Why are football games always so much worse than consoles on PC?


----------



## 100% masahiko (Sep 29, 2011)

I just ordered it on the Xbox (never seem to play on this console much).
Can't wait. Don't think I played a Fifa game since 08.


----------



## Kanda (Sep 30, 2011)

My local pub is letting me hook the PS3 up to the huge screen for this tonight


----------



## Daniel (Oct 2, 2011)

Been playing pretty much all weekend and got used to the defending system.

Been promoted to the Championship with Charlton, season objective is avoid relagation, got about 5 games in then somehow saved over my game, had another save from League 1 campaign so loaded up and simulated it, win League 1 again but now my objective is to finish middle of the table?

Are they shitting me! I had 6 loaned players, who are all now gone so my team is weaker and in a much harder league yet I'm expected to finish mid table?


----------



## Dandred (Oct 2, 2011)

I can't believe that EA still haven't sorted out the issue with having a game pad that can't be used ............Every fucking EA game and i have to find my own work around.


----------



## 100% masahiko (Oct 2, 2011)

I not got use to the defending system yet.


----------



## revol68 (Oct 2, 2011)

Dandred said:


> I can't believe that EA still haven't sorted out the issue with having a game pad that can't be used ............Every fucking EA game and i have to find my own work around.



what issue with a gamepad, you playing on the pc?


----------



## Dandred (Oct 3, 2011)

revol68 said:


> what issue with a gamepad, you playing on the pc?


Yep, on PC, there are loads of joypads that aren't supported by EA.


----------



## kained&able (Oct 3, 2011)

if your using any controller other then an xbox360 controller your probabley using the wrong controller!


----------



## revol68 (Oct 3, 2011)

Dandred said:


> Yep, on PC, there are loads of joypads that aren't supported by EA.



why on earth would you not use the xbox controller, it's awesome.


----------



## Sunray (Oct 11, 2011)

Yeah, its moving inexorably to to point that the 360 controller is the default controller for PC's.
 Not expensive and good quality.


----------



## Dandred (Oct 19, 2011)

PES wins for me this year.


----------



## TitanSound (Dec 30, 2011)

Picked this up a few days ago. Managing to get a grip on things but really want to introduce some neat stuff into my play. Any tips??

Playing on an xbox btw.


----------



## kained&able (Dec 30, 2011)

okay but first i want to rant about the penelty system. Its shit! its really really shit! It pissed me off in the last one and i still cant do it consistently, and no one else can either which makes goal keeping a lotery. Bring back the old system!

RB when you do a through ball/shot and you will do something slightly cool

Left trigger and play about with the right stick and you will do some insanely cool things while dribbling.

Cross field passes are a lot easier in this iteration then fifa 11. use this lots.
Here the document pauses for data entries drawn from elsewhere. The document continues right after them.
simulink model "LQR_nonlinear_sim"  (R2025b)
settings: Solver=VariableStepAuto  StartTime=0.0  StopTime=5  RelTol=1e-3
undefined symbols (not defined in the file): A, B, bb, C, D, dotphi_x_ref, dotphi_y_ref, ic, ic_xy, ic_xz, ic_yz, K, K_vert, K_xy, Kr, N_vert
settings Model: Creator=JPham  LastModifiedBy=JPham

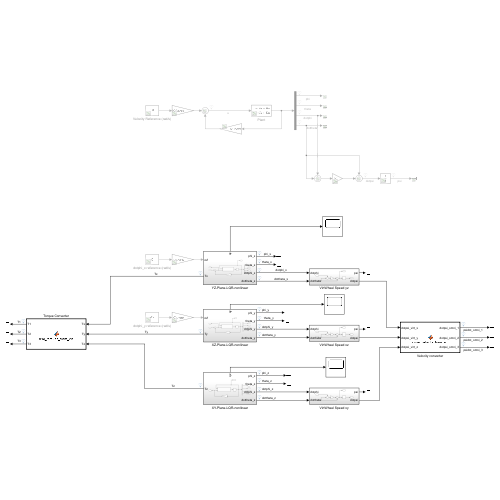
[thumbnail: Simulink's stored preview of the top-level diagram]
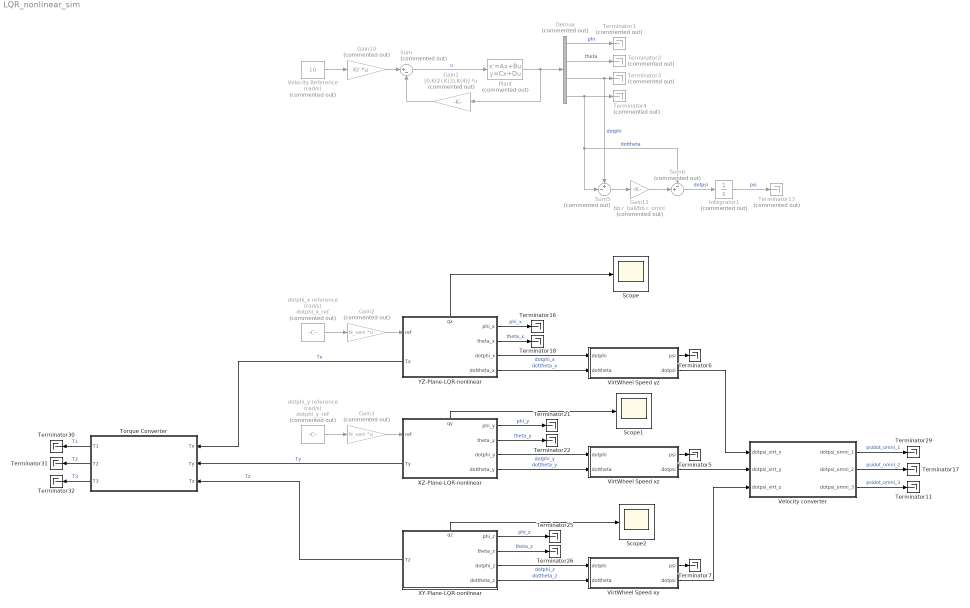
== system LQR_nonlinear_sim ==
  Demux : Demux  Commented=on
  Gain1 : Gain  Commented=on  Gain=[0,K(2),K(3),K(4)]  Multiplication=Matrix(K*u) (u vector)
  Gain10 : Gain  Commented=on  Gain=Kr  Multiplication=Matrix(K*u) (u vector)
  Gain11 : Gain  Commented=on  Gain=bb.r_ball/bb.r_omni
  Gain2 : Gain  Commented=on  Gain=N_vert  Multiplication=Matrix(K*u) (u vector)
  Gain3 : Gain  Commented=on  Gain=N_vert  Multiplication=Matrix(K*u) (u vector)
  Integrator1 : Integrator  Commented=on
  Plant : StateSpace  Commented=on  A=A  B=B  C=C  D=D  InitialCondition=ic  ContinuousStateAttributes={'phi', 'theta', 'dot_phi', 'dot_theta'}
  Scope : Scope
      settings: ActiveDisplayYMinimum=-1  ActiveDisplayYMaximum=1
  Scope1 : Scope
  Scope2 : Scope
      settings: DataLoggingVariableName=ScopeData2
  Sum : Sum  Commented=on  Inputs=|+-
  Sum5 : Sum  Commented=on  Inputs=+-|
  Sum6 : Sum  Commented=on  Inputs=-+|
  Terminator{1..4,13} (5 alike) : Terminator  Commented=on
  Terminator{5..7,11,16..18,21..22,25..26,29..32} (15 alike) : Terminator
  Torque Converter : MATLAB Function  TreatAsAtomicUnit=on
  Velocity Reference (rad/s) : Constant  Commented=on  Value=10
  Velocity converter : MATLAB Function  TreatAsAtomicUnit=on
  VirtWheel Speed xy : Subsystem
  VirtWheel Speed xz : Subsystem
  VirtWheel Speed yz : Subsystem
  XY-Plane-LQR-nonlinear : Subsystem
      settings: PortSchema="{\"entries\":[{\"content\":{\"sides\":[{\"content\":{\"connectorIds\":[\"Out6\"]},\"type\":\"ConnectorPlacement.EquallySpacedRectSide\",\"uuid\":\"02b8159c-179d-4bec-803c-aa283f49b9c0\"},{\"content\":{\"connectorIds\":[\"Out1\",\"Out2\",\"Out3\",\"Out4\"],\"side\":\"RIGHT\"},\"type\":\"ConnectorPlacement.EquallySpacedRectSide\",\"uuid\":\"3221cdc4-2dbb-4803-8373-e56db730aa56\"},{\"content\":{\"connectorIds\":[\"Out5\"],\"side\":\"TOP\"},\"type\":\"ConnectorPlacement.EquallySpacedRectSide\",\"uuid\":\"2bc7cb91-f8b8-434b-9ab0-3d8179530137\"}]},\"type\":\"ConnectorPlacement.EquallySpacedConnector\",\"uuid\":\"c9142ecd-3781-401c-ba0b-68be917d9976\"}],\"packageUris\":[\"http://schema.mathworks.com/mf0/Connector/R2020b\"],\"version\":\"1.0\"}"
  XZ-Plane-LQR-nonlinear : Subsystem
      settings: PortSchema="{\"entries\":[{\"content\":{\"sides\":[{\"content\":{\"connectorIds\":[\"In1\",\"Out6\"]},\"type\":\"ConnectorPlacement.EquallySpacedRectSide\",\"uuid\":\"02b8159c-179d-4bec-803c-aa283f49b9c0\"},{\"content\":{\"connectorIds\":[\"Out1\",\"Out2\",\"Out3\",\"Out4\"],\"side\":\"RIGHT\"},\"type\":\"ConnectorPlacement.EquallySpacedRectSide\",\"uuid\":\"3221cdc4-2dbb-4803-8373-e56db730aa56\"},{\"content\":{\"connectorIds\":[\"Out5\"],\"side\":\"TOP\"},\"type\":\"ConnectorPlacement.EquallySpacedRectSide\",\"uuid\":\"2bc7cb91-f8b8-434b-9ab0-3d8179530137\"}]},\"type\":\"ConnectorPlacement.EquallySpacedConnector\",\"uuid\":\"c9142ecd-3781-401c-ba0b-68be917d9976\"}],\"packageUris\":[\"http://schema.mathworks.com/mf0/Connector/R2020b\"],\"version\":\"1.0\"}"
  YZ-Plane-LQR-nonlinear : Subsystem
      settings: PortSchema="{\"entries\":[{\"content\":{\"sides\":[{\"content\":{\"connectorIds\":[\"In1\",\"Out6\"]},\"type\":\"ConnectorPlacement.EquallySpacedRectSide\",\"uuid\":\"02b8159c-179d-4bec-803c-aa283f49b9c0\"},{\"content\":{\"connectorIds\":[\"Out1\",\"Out2\",\"Out3\",\"Out4\"],\"side\":\"RIGHT\"},\"type\":\"ConnectorPlacement.EquallySpacedRectSide\",\"uuid\":\"3221cdc4-2dbb-4803-8373-e56db730aa56\"},{\"content\":{\"connectorIds\":[\"Out5\"],\"side\":\"TOP\"},\"type\":\"ConnectorPlacement.EquallySpacedRectSide\",\"uuid\":\"2bc7cb91-f8b8-434b-9ab0-3d8179530137\"}]},\"type\":\"ConnectorPlacement.EquallySpacedConnector\",\"uuid\":\"c9142ecd-3781-401c-ba0b-68be917d9976\"}],\"packageUris\":[\"http://schema.mathworks.com/mf0/Connector/R2020b\"],\"version\":\"1.0\"}"
  dotphi_x reference (rad/s) : Constant  Commented=on  Value=dotphi_x_ref
  dotphi_y reference (rad/s) : Constant  Commented=on  Value=dotphi_y_ref
  wires:
  Velocity Reference (rad/s)/1 -> Gain10/1
  Demux/1 -> Terminator1/1  "phi"
  Sum5/1 -> Gain11/1
  Sum6/1 -> Integrator1/1  "dotpsi"
  Demux/3 -> Sum5/1, Terminator3/1  "dotphi"
  Integrator1/1 -> Terminator13/1  "psi"
  Demux/2 -> Terminator2/1  "theta"
  Demux/4 -> Terminator4/1, Sum5/2, Sum6/1  "dottheta"
  Plant/1 -> Gain1/1, Demux/1
  Gain11/1 -> Sum6/2
  Gain10/1 -> Sum/1
  Sum/1 -> Plant/1  "u"
  Gain1/1 -> Sum/2
  VirtWheel Speed yz/2(dotpsi) -> Velocity converter/1(dotpsi_virt_x)
  VirtWheel Speed xy/2(dotpsi) -> Velocity converter/3(dotpsi_virt_z)
  Torque Converter/3(T3) -> Terminator32/1  "T3"
  Torque Converter/2(T2) -> Terminator31/1  "T2"
  Torque Converter/1(T1) -> Terminator30/1  "T1"
  VirtWheel Speed xz/2(dotpsi) -> Velocity converter/2(dotpsi_virt_y)
  VirtWheel Speed xz/1(psi) -> Terminator5/1
  VirtWheel Speed yz/1(psi) -> Terminator6/1
  VirtWheel Speed xy/1(psi) -> Terminator7/1
  YZ-Plane-LQR-nonlinear/6(Tx) -> Torque Converter/1(Tx)  "Tx"
  XZ-Plane-LQR-nonlinear/6(Ty) -> Torque Converter/2(Ty)  "Ty"
  XY-Plane-LQR-nonlinear/6(Tz) -> Torque Converter/3(Tz)  "Tz"
  YZ-Plane-LQR-nonlinear/3(dotphi_x) -> VirtWheel Speed yz/1(dotphi)  "dotphi_x"
  YZ-Plane-LQR-nonlinear/4(dottheta_x) -> VirtWheel Speed yz/2(dottheta)  "dottheta_x"
  YZ-Plane-LQR-nonlinear/2(theta_x) -> Terminator18/1  "theta_x"
  YZ-Plane-LQR-nonlinear/1(phi_x) -> Terminator16/1  "phi_x"
  XZ-Plane-LQR-nonlinear/4(dottheta_y) -> VirtWheel Speed xz/2(dottheta)  "dottheta_y"
  XZ-Plane-LQR-nonlinear/1(phi_y) -> Terminator21/1  "phi_y"
  XZ-Plane-LQR-nonlinear/2(theta_y) -> Terminator22/1  "theta_y"
  XZ-Plane-LQR-nonlinear/3(dotphi_y) -> VirtWheel Speed xz/1(dotphi)  "dotphi_y"
  XY-Plane-LQR-nonlinear/4(dottheta_z) -> VirtWheel Speed xy/2(dottheta)  "dottheta_z"
  XY-Plane-LQR-nonlinear/1(phi_z) -> Terminator25/1  "phi_z"
  XY-Plane-LQR-nonlinear/2(theta_z) -> Terminator26/1  "theta_z"
  XY-Plane-LQR-nonlinear/3(dotphi_z) -> VirtWheel Speed xy/1(dotphi)  "dotphi_z"
  dotphi_x reference (rad/s)/1 -> Gain2/1
  Gain2/1 -> YZ-Plane-LQR-nonlinear/1(ref)
  dotphi_y reference (rad/s)/1 -> Gain3/1
  Gain3/1 -> XZ-Plane-LQR-nonlinear/1(ref)
  Velocity converter/2(dotpsi_omni_2) -> Terminator17/1  "psidot_omni_2"
  Velocity converter/1(dotpsi_omni_1) -> Terminator29/1  "psidot_omni_1"
  Velocity converter/3(dotpsi_omni_3) -> Terminator11/1  "psidot_omni_3"
  YZ-Plane-LQR-nonlinear/5(qx) -> Scope/1
  XZ-Plane-LQR-nonlinear/5(qy) -> Scope1/1
  XY-Plane-LQR-nonlinear/5(qz) -> Scope2/1

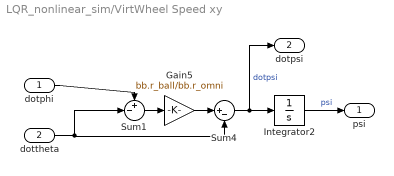
== system LQR_nonlinear_sim/VirtWheel Speed xy ==
  dotphi : Inport
  dottheta : Inport  Port=2
  Gain5 : Gain  Gain=bb.r_ball/bb.r_omni
  Integrator2 : Integrator
  Sum1 : Sum  Inputs=+-|
  Sum4 : Sum  Inputs=|+-
  psi : Outport
  dotpsi : Outport  Port=2
  wires:
  Sum1/1 -> Gain5/1
  dotphi/1 -> Sum1/1
  Integrator2/1 -> psi/1  "psi"
  Sum4/1 -> Integrator2/1, dotpsi/1  "dotpsi"
  dottheta/1 -> Sum4/2, Sum1/2
  Gain5/1 -> Sum4/1

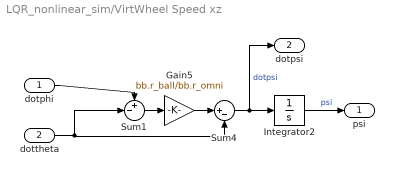
== system LQR_nonlinear_sim/VirtWheel Speed xz ==
  dotphi : Inport
  dottheta : Inport  Port=2
  Gain5 : Gain  Gain=bb.r_ball/bb.r_omni
  Integrator2 : Integrator
  Sum1 : Sum  Inputs=+-|
  Sum4 : Sum  Inputs=|+-
  psi : Outport
  dotpsi : Outport  Port=2
  wires:
  Gain5/1 -> Sum4/1
  dottheta/1 -> Sum1/2, Sum4/2
  Sum4/1 -> dotpsi/1, Integrator2/1  "dotpsi"
  Integrator2/1 -> psi/1  "psi"
  dotphi/1 -> Sum1/1
  Sum1/1 -> Gain5/1

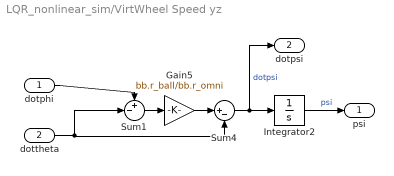
== system LQR_nonlinear_sim/VirtWheel Speed yz ==
  dotphi : Inport
  dottheta : Inport  Port=2
  Gain5 : Gain  Gain=bb.r_ball/bb.r_omni
  Integrator2 : Integrator
  Sum1 : Sum  Inputs=+-|
  Sum4 : Sum  Inputs=|+-
  psi : Outport
  dotpsi : Outport  Port=2
  wires:
  Sum1/1 -> Gain5/1
  dotphi/1 -> Sum1/1
  Integrator2/1 -> psi/1  "psi"
  Sum4/1 -> Integrator2/1, dotpsi/1  "dotpsi"
  dottheta/1 -> Sum4/2, Sum1/2
  Gain5/1 -> Sum4/1

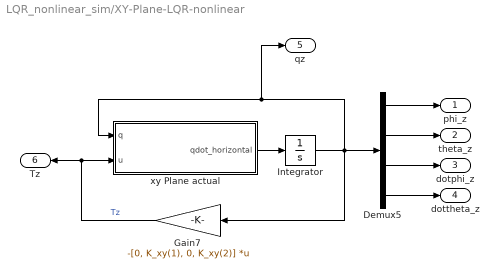
== system LQR_nonlinear_sim/XY-Plane-LQR-nonlinear ==
  Demux5 : Demux
  Gain7 : Gain  Gain=-[0, K_xy(1), 0, K_xy(2)]  Multiplication=Matrix(K*u) (u vector)
  Integrator : Integrator  InitialCondition=[0; ic_xy(1); 0; ic_xy(2)]
  xy Plane actual : MATLAB Function  TreatAsAtomicUnit=on
  phi_z : Outport
  theta_z : Outport  Port=2
  dotphi_z : Outport  Port=3
  dottheta_z : Outport  Port=4
  qz : Outport  Port=5
  Tz : Outport  Port=6
  wires:
  Demux5/1 -> phi_z/1
  Demux5/2 -> theta_z/1
  Integrator/1 -> qz/1, xy Plane actual/1(q), Gain7/1, Demux5/1
  Gain7/1 -> Tz/1, xy Plane actual/2(u)  "Tz"
  xy Plane actual/1(qdot_horizontal) -> Integrator/1
  Demux5/3 -> dotphi_z/1
  Demux5/4 -> dottheta_z/1

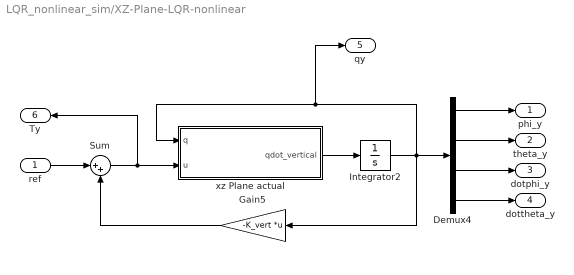
== system LQR_nonlinear_sim/XZ-Plane-LQR-nonlinear ==
  ref : Inport
  Demux4 : Demux
  Gain5 : Gain  Gain=-K_vert  Multiplication=Matrix(K*u) (u vector)
  Integrator2 : Integrator  InitialCondition=ic_xz  ContinuousStateAttributes='angle'
  Sum : Sum  Inputs=|++
  xz Plane actual : MATLAB Function  TreatAsAtomicUnit=on
  phi_y : Outport
  theta_y : Outport  Port=2
  dotphi_y : Outport  Port=3
  dottheta_y : Outport  Port=4
  qy : Outport  Port=5
  Ty : Outport  Port=6
  wires:
  Demux4/2 -> theta_y/1
  Integrator2/1 -> qy/1, xz Plane actual/1(q), Demux4/1, Gain5/1
  xz Plane actual/1(qdot_vertical) -> Integrator2/1
  Gain5/1 -> Sum/2
  Demux4/3 -> dotphi_y/1
  Demux4/1 -> phi_y/1
  Demux4/4 -> dottheta_y/1
  ref/1 -> Sum/1
  Sum/1 -> Ty/1, xz Plane actual/2(u)

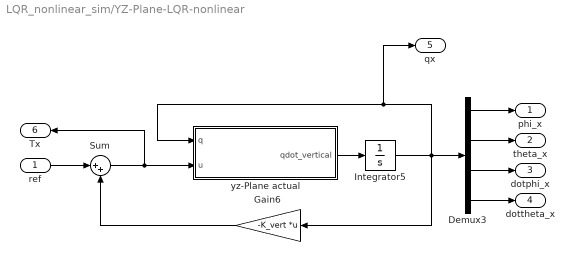
== system LQR_nonlinear_sim/YZ-Plane-LQR-nonlinear ==
  ref : Inport
  Demux3 : Demux
  Gain6 : Gain  Gain=-K_vert  Multiplication=Matrix(K*u) (u vector)
  Integrator5 : Integrator  InitialCondition=ic_yz  ContinuousStateAttributes='angle'
  Sum : Sum  Inputs=|++
  yz-Plane actual : MATLAB Function  TreatAsAtomicUnit=on
  phi_x : Outport
  theta_x : Outport  Port=2
  dotphi_x : Outport  Port=3
  dottheta_x : Outport  Port=4
  qx : Outport  Port=5
  Tx : Outport  Port=6
  wires:
  yz-Plane actual/1(qdot_vertical) -> Integrator5/1
  Integrator5/1 -> Gain6/1, Demux3/1, qx/1, yz-Plane actual/1(q)
  Demux3/3 -> dotphi_x/1
  Demux3/4 -> dottheta_x/1
  Gain6/1 -> Sum/2
  Demux3/2 -> theta_x/1
  Demux3/1 -> phi_x/1
  Sum/1 -> yz-Plane actual/2(u), Tx/1
  ref/1 -> Sum/1

== matlab function LQR_nonlinear_sim/YZ-Plane-LQR-nonlinear/yz-Plane actual ==
  data: q input; u input; qdot_vertical output
function qdot_vertical = f(q, u)
    % Define dimensions for code generation
    % x is 4x1 state: [phi; theta; phi_dot; theta_dot]
    % u is scalar torque (leave as constant for now)
    % p is the parameter structure, loaded into simulink in Model Explorer
    
    phi     = q(1); % phi
    theta   = q(2); % theta
    dotphi  = q(3); % phi_dot
    dottheta= q(4); % theta_dot
    
    p = params;
    % Aux Parameters
    m_tot = p.m_ball + p.m_body + p.m_virt;
    r_tot = p.r_ball + p.r_omni;
    gamma = p.l*p.m_body + (p.r_ball + p.r_omni)*p.m_virt;
    
    % M matrix
    M11 = m_tot * p.r_ball^2 + p.Theta_ball + (p.r_ball / p.r_omni)^2 * p.Theta_virt_vertical;
    M12 = -(p.r_ball / p.r_omni^2) * r_tot * p.Theta_virt_vertical + gamma * p.r_ball*cos(theta); 
    M22 = (r_tot^2 / p.r_omni^2) * p.Theta_virt_vertical + p.Theta_body_vertical + ...
           p.m_body * p.l^2 + p.m_virt * r_tot^2;
    M21 = M12;

    M = [M11, M12;
         M21, M22];
    
    % C vector
    Cvec = [ -p.r_ball*gamma*sin(theta)*dottheta^2; 
              0 ];
    % G vector
    Gvec = [ 0; 
            -p.g*sin(theta)*gamma ];
    % S vector (f_NP = S*u(t))
    S = [ p.r_ball / p.r_omni; -p.r_ball / p.r_omni ];
    
    % --- Dynamics Calculation ---
    F_np = S * u; 
    
    % Solve for qdd from M * qdd + C + G = F_np
    % qddot = M \ (F_np - C - G) = [theta_doubledot; phi_doubledot]
    qddot = M \ (F_np - Cvec - Gvec);
    
    % Assemble qdot_vertical
    qdot_vertical = [dotphi;
                     dottheta;
                     qddot(1);
                     qddot(2)];
end

== matlab function LQR_nonlinear_sim/XZ-Plane-LQR-nonlinear/xz Plane actual ==
  data: q input; u input; qdot_vertical output
function qdot_vertical = f(q, u)
    % Define dimensions for code generation
    % x is 4x1 state: [phi; theta; phi_dot; theta_dot]
    % u is scalar torque (leave as constant for now)
    % p is the parameter structure, loaded into simulink in Model Explorer
    
    phi     = q(1); % phi
    theta   = q(2); % theta
    dotphi  = q(3); % phi_dot
    dottheta= q(4); % theta_dot
    
    p = params;
    % Aux Parameters
    m_tot = p.m_ball + p.m_body + p.m_virt;
    r_tot = p.r_ball + p.r_omni;
    gamma = p.l*p.m_body + (p.r_ball + p.r_omni)*p.m_virt;
    
    % M matrix
    M11 = m_tot * p.r_ball^2 + p.Theta_ball + (p.r_ball / p.r_omni)^2 * p.Theta_virt_vertical;
    M12 = -(p.r_ball / p.r_omni^2) * r_tot * p.Theta_virt_vertical + gamma * p.r_ball*cos(theta); 
    M22 = (r_tot^2 / p.r_omni^2) * p.Theta_virt_vertical + p.Theta_body_vertical + ...
           p.m_body * p.l^2 + p.m_virt * r_tot^2;
    M21 = M12;

    M = [M11, M12;
         M21, M22];
    
    % C vector
    Cvec = [ -p.r_ball*gamma*sin(theta)*dottheta^2; 
              0 ];
    % G vector
    Gvec = [ 0; 
            -p.g*sin(theta)*gamma ];
    % S vector (f_NP = S*u(t))
    S = [ p.r_ball / p.r_omni; -p.r_ball / p.r_omni ];
    
    % --- Dynamics Calculation ---
    F_np = S * u; 
    
    % Solve for qdd from M * qdd + C + G = F_np
    % qddot = M \ (F_np - C - G) = [theta_doubledot; phi_doubledot]
    qddot = M \ (F_np - Cvec - Gvec);
    
    % Assemble qdot_vertical
    qdot_vertical = [dotphi;
                     dottheta;
                     qddot(1);
                     qddot(2)];
end

== matlab function LQR_nonlinear_sim/XY-Plane-LQR-nonlinear/xy Plane actual ==
  data: q input; u input; qdot_horizontal output
function qdot_horizontal = f(q, u)
    % Define dimensions for code generation
    % x is 4x1 state: [phi; theta; phi_dot; theta_dot]
    % u is scalar torque (leave as constant for now)
    % p is the parameter structure, loaded into simulink in Model Explorer
    
    phi     = q(1); % phi
    theta   = q(2); % theta
    dotphi  = q(3); % phi_dot
    dottheta= q(4); % theta_dot
    
    p = params;
    % Aux Parameters
    m_tot = p.m_ball + p.m_body + p.m_virt;
    r_tot = p.r_ball + p.r_omni;
    gamma = p.l*p.m_body + (p.r_ball + p.r_omni)*p.m_virt;
    
    T_f = ((p.r_ball*p.r_omni*p.Theta_body_xy*sin(p.alpha))...
        /((p.r_omni)^2*p.Theta_body_xy+(p.r_ball)^2*p.Theta_virt_xy*(sin(p.alpha))^2))*u;
    ddotphi = 0;
    ddottheta = -(p.r_ball*sin(p.alpha))*(p.r_ball*p.Theta_virt_xy*sin(p.alpha)+p.r_omni*p.Theta_ball)*T_f...
        /((p.r_omni)^2*p.Theta_body_xy*p.Theta_ball+(p.r_ball)^2*(p.Theta_body_xy+p.Theta_ball)*p.Theta_virt_xy*(sin(p.alpha))^2);
    
    % Assemble qdot_vertical
    qdot_horizontal = [dotphi;
                     dottheta;
                     ddotphi;
                     ddottheta];
end

== matlab function LQR_nonlinear_sim/Torque Converter ==
  data: Tx input; Ty input; T1 output; Tz input; T2 output; T3 output
function [T1, T2, T3] = real_torques_from_virt(Tx, Ty, Tz)
alpha = params().alpha;
beta  = params().beta;

cosa = cos(alpha);
cb = cos(beta);
sb = sin(beta);

T1 = (1/3) * ( ...
      Tz + (2/cosa) * (Tx*cb - Ty*sb) );

T2 = (1/3) * ( ...
      Tz + (1/cosa) * ( sb*(-sqrt(3)*Tx + Ty) ...
                      - cb*( Tx + sqrt(3)*Ty ) ) );

T3 = (1/3) * ( ...
      Tz + (1/cosa) * ( sb*( sqrt(3)*Tx + Ty) ...
                      + cb*(-Tx + sqrt(3)*Ty ) ) );

end

== matlab function LQR_nonlinear_sim/Velocity converter ==
  data: dotpsi_virt_x input; dotpsi_virt_y input; dotpsi_omni_1 output; dotpsi_virt_z input; dotpsi_omni_2 output; dotpsi_omni_3 output
% This function convert the velocity of the virtual wheels
% from three planes to the velocity of the omniwheels.
% for beta = 0

function [dotpsi_omni_1, dotpsi_omni_2, dotpsi_omni_3] = ...
    omni_velocity_from_virt(dotpsi_virt_x, dotpsi_virt_y, dotpsi_virt_z)
bb = params();
rads_to_rpm = 30/pi;

dotpsi_omni_1 = (dotpsi_virt_x * cos(bb.alpha) ...
    + dotpsi_virt_z*sin(bb.alpha))*rads_to_rpm;
dotpsi_omni_2 = (-0.5 * dotpsi_virt_x * cos(bb.alpha) ...
    - sqrt(3)*dotpsi_virt_y*cos(bb.alpha)/2 ...
    + dotpsi_virt_z*sin(bb.alpha))* rads_to_rpm;
dotpsi_omni_3 = (-0.5 * dotpsi_virt_x * cos(bb.alpha) ...
    + sqrt(3)*dotpsi_virt_y*cos(bb.alpha)/2 ...
    + dotpsi_virt_z*sin(bb.alpha))* rads_to_rpm;
end

That is the flash stuff, if you mean anything else you will have to define neat.

Oh all controls are in alternate(pro evo) settings as the default controls make no sense.

dave


----------



## Daniel (Dec 31, 2011)

kained&able said:


> okay but first i want to rant about the penelty system. Its shit! its really really shit! It pissed me off in the last one and i still cant do it consistently, and no one else can either which makes goal keeping a lotery. Bring back the old system!



What do you not like about the penalty system Dave?

The method I came to use was if using a fairly good penalty taker, that if I got it in the green, I would wait a second, so until he begins to run then just hold it left/right and its always on target, not unstoppable if keeper goes right way but usually does the trick.

If I screw up on power bar just pull back on aim and go straight down the middle.

Been playing this game, and nothing else! I played MW3 for a couple days then chucked it back on the shelf as Fifa takes up my life 

Got the 'Fifa For Life' achievement recently as well (50 hours of on pitch time)

Did about 6 seasons with Charlton, not a bad run, I'm a high finishing club now, not bad for a team that started in League One 

On 4th season with my Arsenal club, team has finally become a piece of art after developing young players like Gotze, Ramsey, Wilshere, Rakitic, Boileson and Belhanda. I was doing really well with neymar, he had just hit 90 overall, then he demanded to leave the club! I was just making him into RvP replacement as well! Ungrateful little punk!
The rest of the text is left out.